FreeBSD 5.1-RELEASE on SunFire V100
Pete Bentley
pete at sorted.org
Thu Aug 28 03:55:17 PDT 2003
On Thu, Aug 28, 2003 at 09:57:26AM +0000, Rob MacGregor wrote:
> My problem is that, now they're available, neither interface reports it's
> MAC address (it did when Solaris 9 was installed):
Yup, see the "Netra X1" threads recently, they're basically the same
hardware.
Interestingly, I have another X1 running Solaris 9 and I get
the impression these interfaces may not have a MAC address EEPROM
at all... Under Solaris, these interfaces appear to ignore the
local-mac-address? eeprom setting. Dmfe0 gets the host's MAC
address while dmfe1 gets that address plus 1, regardless of
the EEPROM setting, ie:-
Sun Netra X1 (UltraSPARC-IIe 400MHz), No Keyboard
OpenBoot 4.0, 640 MB memory installed, Serial #50737502.
Ethernet address 0:3:ba:6:31:5e, Host ID: 8306315e.
[...]
Aug 27 17:46:40 peach gld: [ID 944156 kern.info] dmfe0: Davicom DM9102 (v1.1): type "ether" mac address 00:03:ba:06:31:5e
Aug 27 17:46:40 peach gld: [ID 944156 kern.info] dmfe1: Davicom DM9102 (v1.1): type "ether" mac address 00:03:ba:06:31:5f
This is regardless of the OBP version (I just upgraded that box
from 1.0.1 to 1.0.18 - not done the FreeBSD box yet).
My current workaround is that I explicitly set the MAC address
using ifconfig from a script in /etc/rc.d which works fine.
There is also a patch to the dc driver that Marius Strobl
posted on Aug 22 that should set the MAC address to that
of the host... Not tried it yet due to hardware/work issues
but should have some results later today or tomorrow.
> There is another minor problem in that the interfaces are the "wrong" way
> around. Interface 0 is reported as dc1 and interface 1 as dc0.
Do you have "options OFW_NEWPCI" in your kernel config? If not, try
it as this should make the probing order more like that of Solaris.
(Actually, I believe that is the default now so you may just need
a newer -current)
> dc1: watchdog timeout
> dc1: failed to force tx and rx to idle state
> dc1: failed to force tx and rx to idle state
Ditto, but it seems like a harmless timeout when configuring
the interface.
> Finally, a strange one:
>
> warning: no time-of-day clock registered, system time will not be set
> accurately
Yup, there's no driver for the time-of-day clock in these beasties.
Even Solaris 8 needed a patch to add one.

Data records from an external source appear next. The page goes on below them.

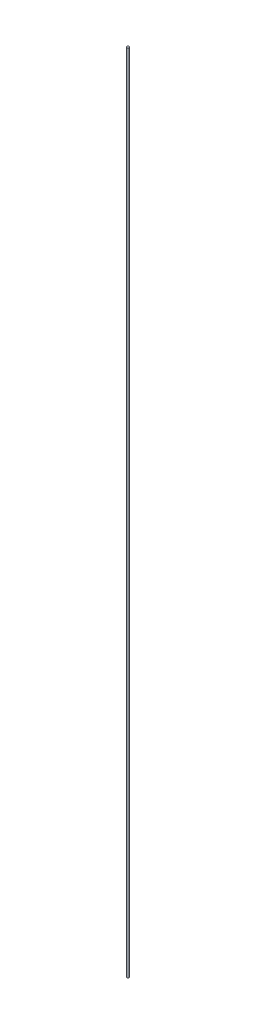
from build123d import *

# Parameters (mm, degrees)
SKETCH1_R           = 0.75
BOSS_EXTRUDE1_DEPTH = 491


with BuildPart() as part:
    # Sketch1 → Boss-Extrude1 (new body)
    with BuildSketch(Plane(origin=(0, 0, 0), x_dir=(1, 0, 0), z_dir=(0, 1, 0))):
        Circle(SKETCH1_R)
    extrude(amount=BOSS_EXTRUDE1_DEPTH)


solid = part.part
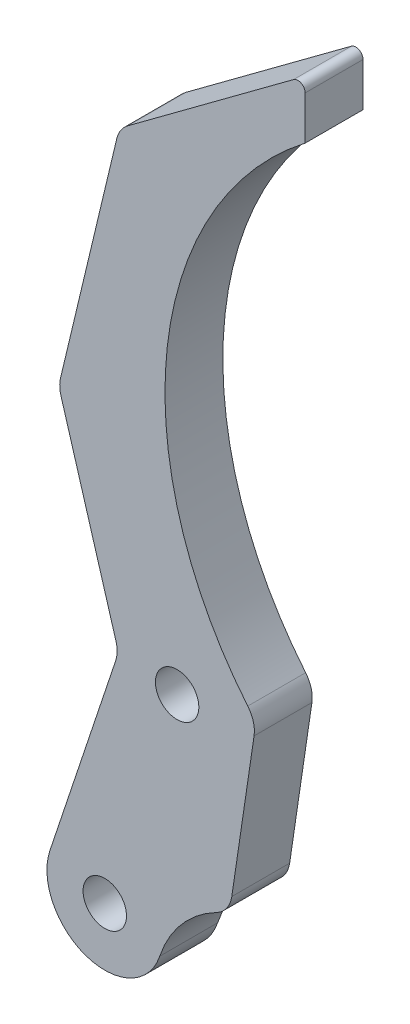
from build123d import *

# Parameters (mm, degrees)
SKETCH_1_R      = 1.5
EXTRUDE_1_DEPTH = 4


with BuildPart() as part:
    # 草图1 → 凸台-拉伸1 (new body)
    with BuildSketch(Plane.XY):
        with BuildLine():
            Line((-8.883361298, 38.430372232), (-10.42356995, 28.043950456))
            ThreePointArc((-10.42356995, 28.043950456), (-10.775128008, 27.17392517), (-11.484802252, 26.560003729))
            ThreePointArc((-11.484802252, 26.560003729), (-13.893149851, 24.653752275), (-15.405733358, 21.980547476))
            ThreePointArc((-15.405733358, 21.980547476), (-20.465380085, 19.450724806), (-22.995202754, 24.510371532))
            Line((-22.995202754, 24.510371532), (-18.451197233, 38.142383115))
            ThreePointArc((-18.451197233, 38.142383115), (-18.348830032, 38.742204214), (-18.431570381, 39.345046174))
            Line((-18.431570381, 39.345046174), (-22.233001172, 52.125165651))
            ThreePointArc((-22.233001172, 52.125165651), (-22.31526172, 52.64074939), (-22.261276417, 53.160055635))
            Line((-22.261276417, 53.160055635), (-18.372774426, 69.438220218))
            ThreePointArc((-18.372774426, 69.438220218), (-18.096529541, 70.075517478), (-17.618975762, 70.579899696))
            Line((-17.618975762, 70.579899696), (-6.150614111, 79.086205979))
            ThreePointArc((-6.150614111, 79.086205979), (-5.627950875, 79.131232586), (-5.352746621, 78.684615443))
            Line((-5.352746621, 78.684615443), (-5.352746621, 75.677999772))
            ThreePointArc((-5.352746621, 75.677999772), (-14.888864346, 58.677248629), (-9.31952103, 39.997165768))
            ThreePointArc((-9.31952103, 39.997165768), (-8.934989705, 39.260105305), (-8.883361298, 38.430372232))
        make_face()
        with Locations((-19.200468056, 23.245459504)):
            Circle(SKETCH_1_R, mode=Mode.SUBTRACT)
        with Locations((-14.200468056, 38.245459504)):
            Circle(SKETCH_1_R, mode=Mode.SUBTRACT)
    extrude(amount=EXTRUDE_1_DEPTH)


solid = part.part

End result, the machine has no idea about the passage of time when
it's not running an OS. Workaround: Set the time at boot time
with ntpdate or rdate and then run NTP.
When I get a moment (ha), I'll go see if there's a driver we can
crib from in the other BSDs or Lin*x.
> Now, I've got a few days to play with this system before I have to lock it
> down and put it live. If anybody has anything they think is worth trying
> I'll give it a go.
Depends what you mean by "live". FreeBSD/sparc64 is definitely
getting there but (at least on this low-end hardware) I don't think
it's production quality yet...
I had one IOMMU-related panic last night, but unfortunately lost
the details (unexpectedly short xterm scrollback, sorry) about
an hour *after* it completed a cvsup+make world... And then there
was the vfork()/perl weirdness just recently.
I'd say hammer on it and track down/report/fix bugs but don't use
it for an application where crashes are unacceptable.
Pete.
PS Anyone know a source for drive sleds and cooling fans for the X1 in
the UK? Cheap and cheerful 3rd party stuff is fine, otherwise I guess I'll
have to go through the Sun VAR we use at work and pay their prices.